The Driven application experience is useful due to the unique insights that developer and IT operation organizations receives from its data. The volume of the data per application run that is collected is proportional to the complexity of the application, the size of the data, and the size of the cluster. You should not intend to use a single-node install of the Driven application in such cases.

Perform the following steps to fix the disk space shortage:

Step 1: Validate that you are running out of disk space by inspecting the admin console

driven_admin Figure 1: Driven Admin Console

Step 2: Add a new node to the persistence cluser

  1. Refer to Elasticsearch documentation to learn how to add new nodes in the cluster

  2. Add the new host to each hosts to participate in the ElasticSearch cluster (leave them blank for single node systems):

    driven.storage.cluster.discovery.unicast.hosts=

Step 3: Recreate from your last snapshot of Driven

Use the latest snpashot of the Driven server. See Implementing a backup strategy for your Driven Application for information about backup and the latest snapshot of Driven server.

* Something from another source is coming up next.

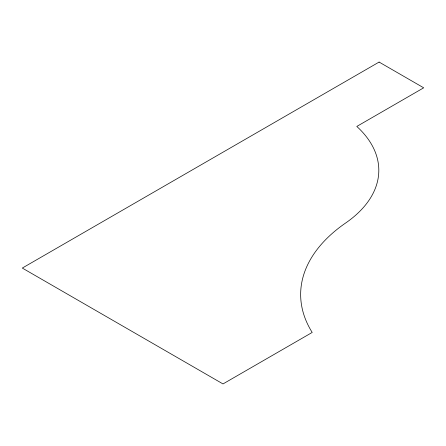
<?xml version="1.0" encoding="UTF-8"?>
<svg xmlns="http://www.w3.org/2000/svg" width="446" height="446" viewBox="0 0 446 446"><rect width="100%" height="100%" fill="white"/><g stroke="black" fill="none" stroke-linecap="round" stroke-linejoin="round"><path stroke-width="0.67" d="M379.1 62.066L22.3 268.063L223 383.934L312.2 332.437A192.878 111.355 0 0 1 345.65 223A142.157 82.075 0 0 0 356.8 126.441L423.7 87.817L379.1 62.066"/></g></svg>

Capture telemetry data sent by a particular application to Driven

You can run the Driven plugin in archival mode. If archive mode is enabled, all records that are sent to the Driven Server are written to disk even if the server is unreachable. This can be useful if the Driven server is not available or unreachable as the archive can later be replayed when the server is reachable. Sending data to the server is idempotent, so re-running data again does not corrupt already recorded data.

You can set the parameter in cascading-service.properties

cascading.management.document.service.archive.dir=/path/to/archive/directory

or…​

$ export DRIVEN_ARCHIVE_DIR=/path/to/archive/directory

Stopping Unresponsive Applications

There are times when your application stops sending metrics and become unresponsive for some unknown reason. Updates to Driven are no longer received, however its status still shows as Running. Unresponsive applications can render the Status timeline graph useless if left unattended.

Filtering for Unresponsive Applications

To quickly find all unresponsive applications, set the Search filter to the Running status, where upon the All Application view will display the results. From the application list, select the desired unresponsive application.

zombie_viewResults

Figure 2: The search results are displayed in the application list

Select the desired application by clicking on its link. The Performance view will appear showing the application’s flow and status state. In this example, the tpcds_q40 application is selected.

zombie_markAsStopped_Status

Figure 3: Use Mark as stoppped button to stop a unresponsive application with status state of Running

The application’s status state is displayed in the top right corner of the page. In this example, the status is Running and associated with a Warning icon. This combination indicates that the application is unresponsive while the Driven Server is still waiting for processing updates. Once you have determined that this is the specific application you want to stop, click Mark as stopped. zombie_markAsStopped

Before the application is actually stopped, a confirmation message appears to either confirm the stop or cancel.

zombie_confirm

Click Confirm to stop the application. The status state of the application is displayed as Stopped.

zombie_stopped

Figure 4: The status state is Stopped for the tpcds_q40_ application

Note
The application has a stop timestamp at the time when the Driven Server last received an update timestamp from the Driven plugin that monitors application processes in the Hadoop infrastructure. For example, if you stopped an application at the current (system) time, Driven will mark the stop time at the last updated timestamp that might have occurred three months previously.